Saturday 24 March 2018

Society can keep Caviar up to task

Richard Forristal

Richard Forristal

The decision to shuttle the Australian wonder-mare Black Caviar halfway across the globe to compete at Royal Ascot has been a gift for racing in this part of the world.

From the moment she first donned her spandex travelling suit a fortnight ago, the sensational six-year-old has attracted a remarkable level of interest.

Unbeaten in 21, her times are exceptional, and it's a measure of just how much she has achieved that many Aussies now hold her in even higher esteem than the legendary Phar Lap.

Moreover, her straight-talking trainer Peter Moody has been great value with some real gems. This week, a British press, buoyed by Frankel's rout on Tuesday, wondered how far she might be capable of winning, but Moody wasn't buying into the circus.


"The Poms have used Australians for cannon fodder for 150 years," he quipped, "so we're not going to put on a show just for them. If we're going to let her rip, we'll do it at home. If she wins by a quarter of an inch, it'll do us."

On YouTube, there is an enlightening interview with Moody back in April. Today's Golden Jubilee was already Black Caviar's prime target at that stage, but the manner in which Moody said that he may as well run her in a pair of $250k Grade Ones to get the famously gross superstar fit for Ascot was an insight into just how superior she is.

There wasn't so much as a hint that either contest would tax Black Caviar in the slightest, the possibility of defeat not even discussed. Sure enough, she wasn't remotely extended, latterly bringing her top-level haul to 11 in May.

The question now is whether or not she can replicate that utter superiority on rain-softened ground at Ascot.

Generally speaking, Australian sprinters have excelled on their travels to Europe, with Choisir, Starspangledbanner, Scenic Blast and Takeover Target all enjoying decent success at the Royal meeting in recent years.

Others such as Ortensia and Star Witness have not fared as well, but, on a line through Star Witness, which finished third to Society Rock in this afternoon's Group One last year, Black Caviar really will be a formidable opponent.

On the three occasions that Star Witness raced against the mare, four lengths was as close as he ever got.

Thus, in as much as we can correlate the form, Black Caviar ought to take some stopping this afternoon, and it will be a massive anti-climax if she doesn't live up to the hype.

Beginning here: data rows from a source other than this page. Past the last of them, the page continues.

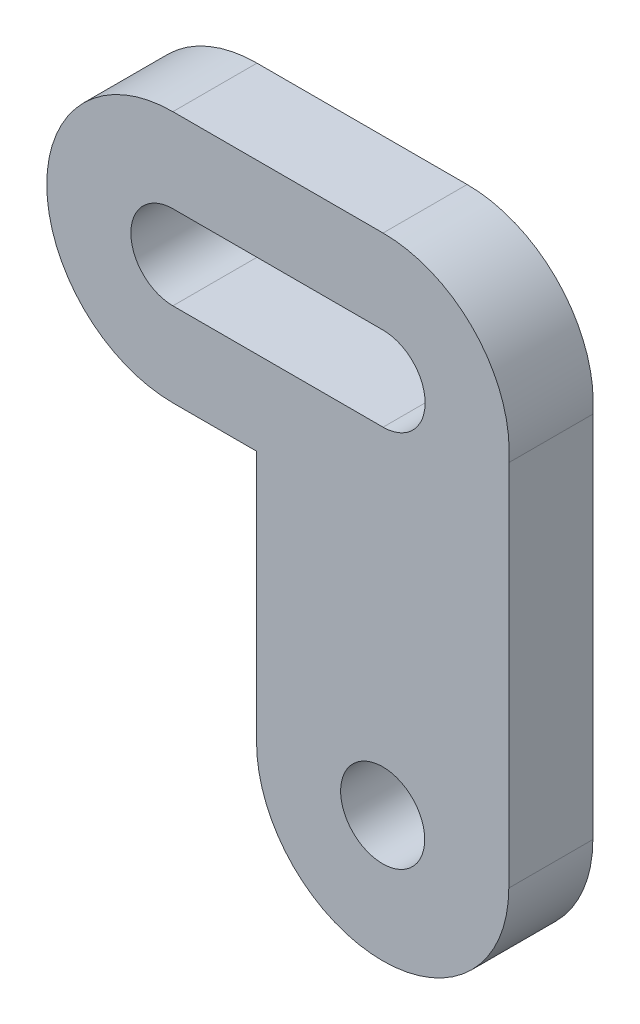
ISO-10303-21;
HEADER;
FILE_DESCRIPTION(('STEP AP214'),'2;1');
FILE_NAME('part.step','',(''),(''),'','','');
FILE_SCHEMA(('AUTOMOTIVE_DESIGN { 1 0 10303 214 1 1 1 1 }'));
ENDSEC;
DATA;
#1=APPLICATION_CONTEXT('core data for automotive mechanical design processes');
#2=APPLICATION_PROTOCOL_DEFINITION('international standard','automotive_design',2000,#1);
#3=PRODUCT_CONTEXT('',#1,'mechanical');
#4=PRODUCT('Part','Part','',(#3));
#5=PRODUCT_RELATED_PRODUCT_CATEGORY('part','',(#4));
#6=PRODUCT_DEFINITION_FORMATION('','',#4);
#7=PRODUCT_DEFINITION_CONTEXT('part definition',#1,'design');
#8=PRODUCT_DEFINITION('design','',#6,#7);
#9=PRODUCT_DEFINITION_SHAPE('','',#8);
#10=(LENGTH_UNIT() NAMED_UNIT(*) SI_UNIT(.MILLI.,.METRE.));
#11=(NAMED_UNIT(*) PLANE_ANGLE_UNIT() SI_UNIT($,.RADIAN.));
#12=(NAMED_UNIT(*) SI_UNIT($,.STERADIAN.) SOLID_ANGLE_UNIT());
#13=UNCERTAINTY_MEASURE_WITH_UNIT(LENGTH_MEASURE(1.E-05),#10,'distance_accuracy_value','');
#14=(GEOMETRIC_REPRESENTATION_CONTEXT(3) GLOBAL_UNCERTAINTY_ASSIGNED_CONTEXT((#13)) GLOBAL_UNIT_ASSIGNED_CONTEXT((#10,
#11,#12)) REPRESENTATION_CONTEXT('',''));
#15=CARTESIAN_POINT('',(0.,0.,0.));
#16=DIRECTION('',(0.,0.,1.));
#17=DIRECTION('',(1.,0.,0.));
#18=AXIS2_PLACEMENT_3D('',#15,#16,#17);
#19=CARTESIAN_POINT('',(156.2128865511,239.8700734832,3.));
#20=DIRECTION('',(0.,0.,-1.));
#21=DIRECTION('',(-1.,0.,0.));
#22=AXIS2_PLACEMENT_3D('',#19,#20,#21);
#23=CYLINDRICAL_SURFACE('',#22,1.5);
#24=CARTESIAN_POINT('',(156.2128865511,239.8700734832,0.));
#25=DIRECTION('',(0.,0.,1.));
#26=DIRECTION('',(1.,0.,0.));
#27=AXIS2_PLACEMENT_3D('',#24,#25,#26);
#28=CIRCLE('',#27,1.5);
#29=CARTESIAN_POINT('',(156.2128865511,238.3700734832,0.));
#30=VERTEX_POINT('',#29);
#31=CARTESIAN_POINT('',(156.2128865511,241.3700734832,0.));
#32=VERTEX_POINT('',#31);
#33=EDGE_CURVE('E172',#30,#32,#28,.T.);
#34=ORIENTED_EDGE('',*,*,#33,.F.);
#35=DIRECTION('',(0.,0.,-1.));
#36=VECTOR('',#35,1.);
#37=CARTESIAN_POINT('',(156.2128865511,238.3700734832,3.));
#38=LINE('',#37,#36);
#39=CARTESIAN_POINT('',(156.2128865511,238.3700734832,3.));
#40=VERTEX_POINT('',#39);
#41=EDGE_CURVE('E11',#40,#30,#38,.T.);
#42=ORIENTED_EDGE('',*,*,#41,.F.);
#43=CARTESIAN_POINT('',(156.2128865511,239.8700734832,3.));
#44=DIRECTION('',(0.,0.,1.));
#45=DIRECTION('',(1.,0.,0.));
#46=AXIS2_PLACEMENT_3D('',#43,#44,#45);
#47=CIRCLE('',#46,1.5);
#48=CARTESIAN_POINT('',(156.2128865511,241.3700734832,3.));
#49=VERTEX_POINT('',#48);
#50=EDGE_CURVE('E131',#40,#49,#47,.T.);
#51=ORIENTED_EDGE('',*,*,#50,.T.);
#52=DIRECTION('',(0.,0.,-1.));
#53=VECTOR('',#52,1.);
#54=CARTESIAN_POINT('',(156.2128865511,241.3700734832,3.));
#55=LINE('',#54,#53);
#56=EDGE_CURVE('E95',#49,#32,#55,.T.);
#57=ORIENTED_EDGE('',*,*,#56,.T.);
#58=EDGE_LOOP('',(#34,#42,#51,#57));
#59=FACE_BOUND('',#58,.T.);
#60=ADVANCED_FACE('F33',(#59),#23,.F.);
#61=CARTESIAN_POINT('',(0.,238.3700734832,3.));
#62=DIRECTION('',(0.,-1.,0.));
#63=DIRECTION('',(0.,0.,-1.));
#64=AXIS2_PLACEMENT_3D('',#61,#62,#63);
#65=PLANE('',#64);
#66=DIRECTION('',(-1.,0.,0.));
#67=VECTOR('',#66,1.);
#68=CARTESIAN_POINT('',(0.,238.3700734832,0.));
#69=LINE('',#68,#67);
#70=CARTESIAN_POINT('',(148.7128865511,238.3700734832,0.));
#71=VERTEX_POINT('',#70);
#72=EDGE_CURVE('E137',#30,#71,#69,.T.);
#73=ORIENTED_EDGE('',*,*,#72,.T.);
#74=DIRECTION('',(0.,0.,-1.));
#75=VECTOR('',#74,1.);
#76=CARTESIAN_POINT('',(148.7128865511,238.3700734832,3.));
#77=LINE('',#76,#75);
#78=CARTESIAN_POINT('',(148.7128865511,238.3700734832,3.));
#79=VERTEX_POINT('',#78);
#80=EDGE_CURVE('E43',#79,#71,#77,.T.);
#81=ORIENTED_EDGE('',*,*,#80,.F.);
#82=DIRECTION('',(-1.,0.,0.));
#83=VECTOR('',#82,1.);
#84=CARTESIAN_POINT('',(0.,238.3700734832,3.));
#85=LINE('',#84,#83);
#86=EDGE_CURVE('E125',#40,#79,#85,.T.);
#87=ORIENTED_EDGE('',*,*,#86,.F.);
#88=ORIENTED_EDGE('',*,*,#41,.T.);
#89=EDGE_LOOP('',(#73,#81,#87,#88));
#90=FACE_BOUND('',#89,.T.);
#91=ADVANCED_FACE('F135',(#90),#65,.F.);
#92=CARTESIAN_POINT('',(148.7128865511,239.8700734832,3.));
#93=DIRECTION('',(0.,0.,-1.));
#94=DIRECTION('',(-1.,0.,0.));
#95=AXIS2_PLACEMENT_3D('',#92,#93,#94);
#96=CYLINDRICAL_SURFACE('',#95,1.5);
#97=CARTESIAN_POINT('',(148.7128865511,239.8700734832,0.));
#98=DIRECTION('',(0.,0.,1.));
#99=DIRECTION('',(1.,0.,0.));
#100=AXIS2_PLACEMENT_3D('',#97,#98,#99);
#101=CIRCLE('',#100,1.5);
#102=CARTESIAN_POINT('',(148.7128865511,241.3700734832,0.));
#103=VERTEX_POINT('',#102);
#104=EDGE_CURVE('E176',#103,#71,#101,.T.);
#105=ORIENTED_EDGE('',*,*,#104,.F.);
#106=DIRECTION('',(0.,0.,-1.));
#107=VECTOR('',#106,1.);
#108=CARTESIAN_POINT('',(148.7128865511,241.3700734832,3.));
#109=LINE('',#108,#107);
#110=CARTESIAN_POINT('',(148.7128865511,241.3700734832,3.));
#111=VERTEX_POINT('',#110);
#112=EDGE_CURVE('E88',#111,#103,#109,.T.);
#113=ORIENTED_EDGE('',*,*,#112,.F.);
#114=CARTESIAN_POINT('',(148.7128865511,239.8700734832,3.));
#115=DIRECTION('',(0.,0.,1.));
#116=DIRECTION('',(1.,0.,0.));
#117=AXIS2_PLACEMENT_3D('',#114,#115,#116);
#118=CIRCLE('',#117,1.5);
#119=EDGE_CURVE('E130',#111,#79,#118,.T.);
#120=ORIENTED_EDGE('',*,*,#119,.T.);
#121=ORIENTED_EDGE('',*,*,#80,.T.);
#122=EDGE_LOOP('',(#105,#113,#120,#121));
#123=FACE_BOUND('',#122,.T.);
#124=ADVANCED_FACE('F142',(#123),#96,.F.);
#125=CARTESIAN_POINT('',(160.6989262173,0.,3.));
#126=DIRECTION('',(1.,0.,0.));
#127=DIRECTION('',(0.,0.,-1.));
#128=AXIS2_PLACEMENT_3D('',#125,#126,#127);
#129=PLANE('',#128);
#130=DIRECTION('',(0.,-1.,0.));
#131=VECTOR('',#130,1.);
#132=CARTESIAN_POINT('',(160.6989262173,0.,0.));
#133=LINE('',#132,#131);
#134=CARTESIAN_POINT('',(160.6989262173,239.515886931676,0.));
#135=VERTEX_POINT('',#134);
#136=CARTESIAN_POINT('',(160.6989262173,226.3700734832,0.));
#137=VERTEX_POINT('',#136);
#138=EDGE_CURVE('E151',#135,#137,#133,.T.);
#139=ORIENTED_EDGE('',*,*,#138,.F.);
#140=DIRECTION('',(0.,0.,-1.));
#141=VECTOR('',#140,1.);
#142=CARTESIAN_POINT('',(160.6989262173,239.515886931676,3.));
#143=LINE('',#142,#141);
#144=CARTESIAN_POINT('',(160.6989262173,239.515886931676,3.));
#145=VERTEX_POINT('',#144);
#146=EDGE_CURVE('E37',#145,#135,#143,.T.);
#147=ORIENTED_EDGE('',*,*,#146,.F.);
#148=DIRECTION('',(0.,-1.,0.));
#149=VECTOR('',#148,1.);
#150=CARTESIAN_POINT('',(160.6989262173,0.,3.));
#151=LINE('',#150,#149);
#152=CARTESIAN_POINT('',(160.6989262173,226.3700734832,3.));
#153=VERTEX_POINT('',#152);
#154=EDGE_CURVE('E183',#145,#153,#151,.T.);
#155=ORIENTED_EDGE('',*,*,#154,.T.);
#156=DIRECTION('',(0.,0.,-1.));
#157=VECTOR('',#156,1.);
#158=CARTESIAN_POINT('',(160.6989262173,226.3700734832,3.));
#159=LINE('',#158,#157);
#160=EDGE_CURVE('E150',#153,#137,#159,.T.);
#161=ORIENTED_EDGE('',*,*,#160,.T.);
#162=EDGE_LOOP('',(#139,#147,#155,#161));
#163=FACE_BOUND('',#162,.T.);
#164=ADVANCED_FACE('F35',(#163),#129,.T.);
#165=CARTESIAN_POINT('',(156.2128865511,239.8700734832,3.));
#166=DIRECTION('',(0.,0.,-1.));
#167=DIRECTION('',(-1.,0.,0.));
#168=AXIS2_PLACEMENT_3D('',#165,#166,#167);
#169=CYLINDRICAL_SURFACE('',#168,4.5);
#170=CARTESIAN_POINT('',(156.2128865511,239.8700734832,0.));
#171=DIRECTION('',(0.,0.,1.));
#172=DIRECTION('',(1.,0.,0.));
#173=AXIS2_PLACEMENT_3D('',#170,#171,#172);
#174=CIRCLE('',#173,4.5);
#175=CARTESIAN_POINT('',(156.2128865511,244.3700734832,0.));
#176=VERTEX_POINT('',#175);
#177=EDGE_CURVE('E154',#135,#176,#174,.T.);
#178=ORIENTED_EDGE('',*,*,#177,.T.);
#179=DIRECTION('',(0.,0.,-1.));
#180=VECTOR('',#179,1.);
#181=CARTESIAN_POINT('',(156.2128865511,244.3700734832,3.));
#182=LINE('',#181,#180);
#183=CARTESIAN_POINT('',(156.2128865511,244.3700734832,3.));
#184=VERTEX_POINT('',#183);
#185=EDGE_CURVE('E194',#184,#176,#182,.T.);
#186=ORIENTED_EDGE('',*,*,#185,.F.);
#187=CARTESIAN_POINT('',(156.2128865511,239.8700734832,3.));
#188=DIRECTION('',(0.,0.,1.));
#189=DIRECTION('',(1.,0.,0.));
#190=AXIS2_PLACEMENT_3D('',#187,#188,#189);
#191=CIRCLE('',#190,4.5);
#192=EDGE_CURVE('E202',#145,#184,#191,.T.);
#193=ORIENTED_EDGE('',*,*,#192,.F.);
#194=ORIENTED_EDGE('',*,*,#146,.T.);
#195=EDGE_LOOP('',(#178,#186,#193,#194));
#196=FACE_BOUND('',#195,.T.);
#197=ADVANCED_FACE('F201',(#196),#169,.T.);
#198=CARTESIAN_POINT('',(0.,244.3700734832,3.));
#199=DIRECTION('',(0.,1.,0.));
#200=DIRECTION('',(0.,0.,1.));
#201=AXIS2_PLACEMENT_3D('',#198,#199,#200);
#202=PLANE('',#201);
#203=DIRECTION('',(1.,0.,0.));
#204=VECTOR('',#203,1.);
#205=CARTESIAN_POINT('',(0.,244.3700734832,0.));
#206=LINE('',#205,#204);
#207=CARTESIAN_POINT('',(148.7128865511,244.3700734832,0.));
#208=VERTEX_POINT('',#207);
#209=EDGE_CURVE('E157',#208,#176,#206,.T.);
#210=ORIENTED_EDGE('',*,*,#209,.F.);
#211=DIRECTION('',(0.,0.,-1.));
#212=VECTOR('',#211,1.);
#213=CARTESIAN_POINT('',(148.7128865511,244.3700734832,3.));
#214=LINE('',#213,#212);
#215=CARTESIAN_POINT('',(148.7128865511,244.3700734832,3.));
#216=VERTEX_POINT('',#215);
#217=EDGE_CURVE('E193',#216,#208,#214,.T.);
#218=ORIENTED_EDGE('',*,*,#217,.F.);
#219=DIRECTION('',(1.,0.,0.));
#220=VECTOR('',#219,1.);
#221=CARTESIAN_POINT('',(0.,244.3700734832,3.));
#222=LINE('',#221,#220);
#223=EDGE_CURVE('E229',#216,#184,#222,.T.);
#224=ORIENTED_EDGE('',*,*,#223,.T.);
#225=ORIENTED_EDGE('',*,*,#185,.T.);
#226=EDGE_LOOP('',(#210,#218,#224,#225));
#227=FACE_BOUND('',#226,.T.);
#228=ADVANCED_FACE('F226',(#227),#202,.T.);
#229=CARTESIAN_POINT('',(148.7128865511,239.8700734832,3.));
#230=DIRECTION('',(0.,0.,-1.));
#231=DIRECTION('',(-1.,0.,0.));
#232=AXIS2_PLACEMENT_3D('',#229,#230,#231);
#233=CYLINDRICAL_SURFACE('',#232,4.49999999999999);
#234=CARTESIAN_POINT('',(148.7128865511,239.8700734832,0.));
#235=DIRECTION('',(0.,0.,1.));
#236=DIRECTION('',(1.,0.,0.));
#237=AXIS2_PLACEMENT_3D('',#234,#235,#236);
#238=CIRCLE('',#237,4.49999999999999);
#239=CARTESIAN_POINT('',(148.7128865511,235.3700734832,0.));
#240=VERTEX_POINT('',#239);
#241=EDGE_CURVE('E160',#208,#240,#238,.T.);
#242=ORIENTED_EDGE('',*,*,#241,.T.);
#243=DIRECTION('',(0.,0.,-1.));
#244=VECTOR('',#243,1.);
#245=CARTESIAN_POINT('',(148.7128865511,235.3700734832,3.));
#246=LINE('',#245,#244);
#247=CARTESIAN_POINT('',(148.7128865511,235.3700734832,3.));
#248=VERTEX_POINT('',#247);
#249=EDGE_CURVE('E191',#248,#240,#246,.T.);
#250=ORIENTED_EDGE('',*,*,#249,.F.);
#251=CARTESIAN_POINT('',(148.7128865511,239.8700734832,3.));
#252=DIRECTION('',(0.,0.,1.));
#253=DIRECTION('',(1.,0.,0.));
#254=AXIS2_PLACEMENT_3D('',#251,#252,#253);
#255=CIRCLE('',#254,4.49999999999999);
#256=EDGE_CURVE('E230',#216,#248,#255,.T.);
#257=ORIENTED_EDGE('',*,*,#256,.F.);
#258=ORIENTED_EDGE('',*,*,#217,.T.);
#259=EDGE_LOOP('',(#242,#250,#257,#258));
#260=FACE_BOUND('',#259,.T.);
#261=ADVANCED_FACE('F231',(#260),#233,.T.);
#262=CARTESIAN_POINT('',(0.,235.3700734832,3.));
#263=DIRECTION('',(0.,-1.,0.));
#264=DIRECTION('',(0.,0.,-1.));
#265=AXIS2_PLACEMENT_3D('',#262,#263,#264);
#266=PLANE('',#265);
#267=DIRECTION('',(-1.,0.,0.));
#268=VECTOR('',#267,1.);
#269=CARTESIAN_POINT('',(0.,235.3700734832,0.));
#270=LINE('',#269,#268);
#271=CARTESIAN_POINT('',(151.6989262173,235.3700734832,0.));
#272=VERTEX_POINT('',#271);
#273=EDGE_CURVE('E163',#272,#240,#270,.T.);
#274=ORIENTED_EDGE('',*,*,#273,.F.);
#275=DIRECTION('',(0.,0.,-1.));
#276=VECTOR('',#275,1.);
#277=CARTESIAN_POINT('',(151.6989262173,235.3700734832,3.));
#278=LINE('',#277,#276);
#279=CARTESIAN_POINT('',(151.6989262173,235.3700734832,3.));
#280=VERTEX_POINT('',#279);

Still, with conditions as testing as they are, she is no betting prospect at 1/4. If there is value to be had, it is surely Society Rock at up to 12/1. France's Moonlight Cloud, which reopposes, readily beat James Fanshawe's charge when in receipt of eight pounds at Deauville in August, but that was over her best trip of seven furlongs.

Moonlight Cloud has never won over today's six-furlong distance, and is now five pounds worse off with Society Rock, which has done all his winning over six.


Having obliged in the soft here 12 months ago, Johnny Murtagh's mount is fancied to at least make the frame on the back of an encouraging reappearance third at York.

Earlier, Memphis Tennessee can upset Sea Moon in the Hardwicke Stakes.

Placed in the St Leger and Breeders' Cup Turf last year, Michael Stoute's Sea Moon made a winning reappearance at Goodwood, but Ballydoyle's Memphis Tennessee is an improver that will relish conditions, having sluiced up in the mud at Chester last time.

Move To Strike and Maarek appeal as two others that might be suited by the going. Jim Bolger's Move To Strike tackles the Chesham after bolting up in similar ground at the Curragh, while Maarek flashed home to score at Newmarket in early May.

Although David Nagle's charge is up another six pounds now, he is a live each-way option in the Wokingham at 14/1 under Joseph O'Brien.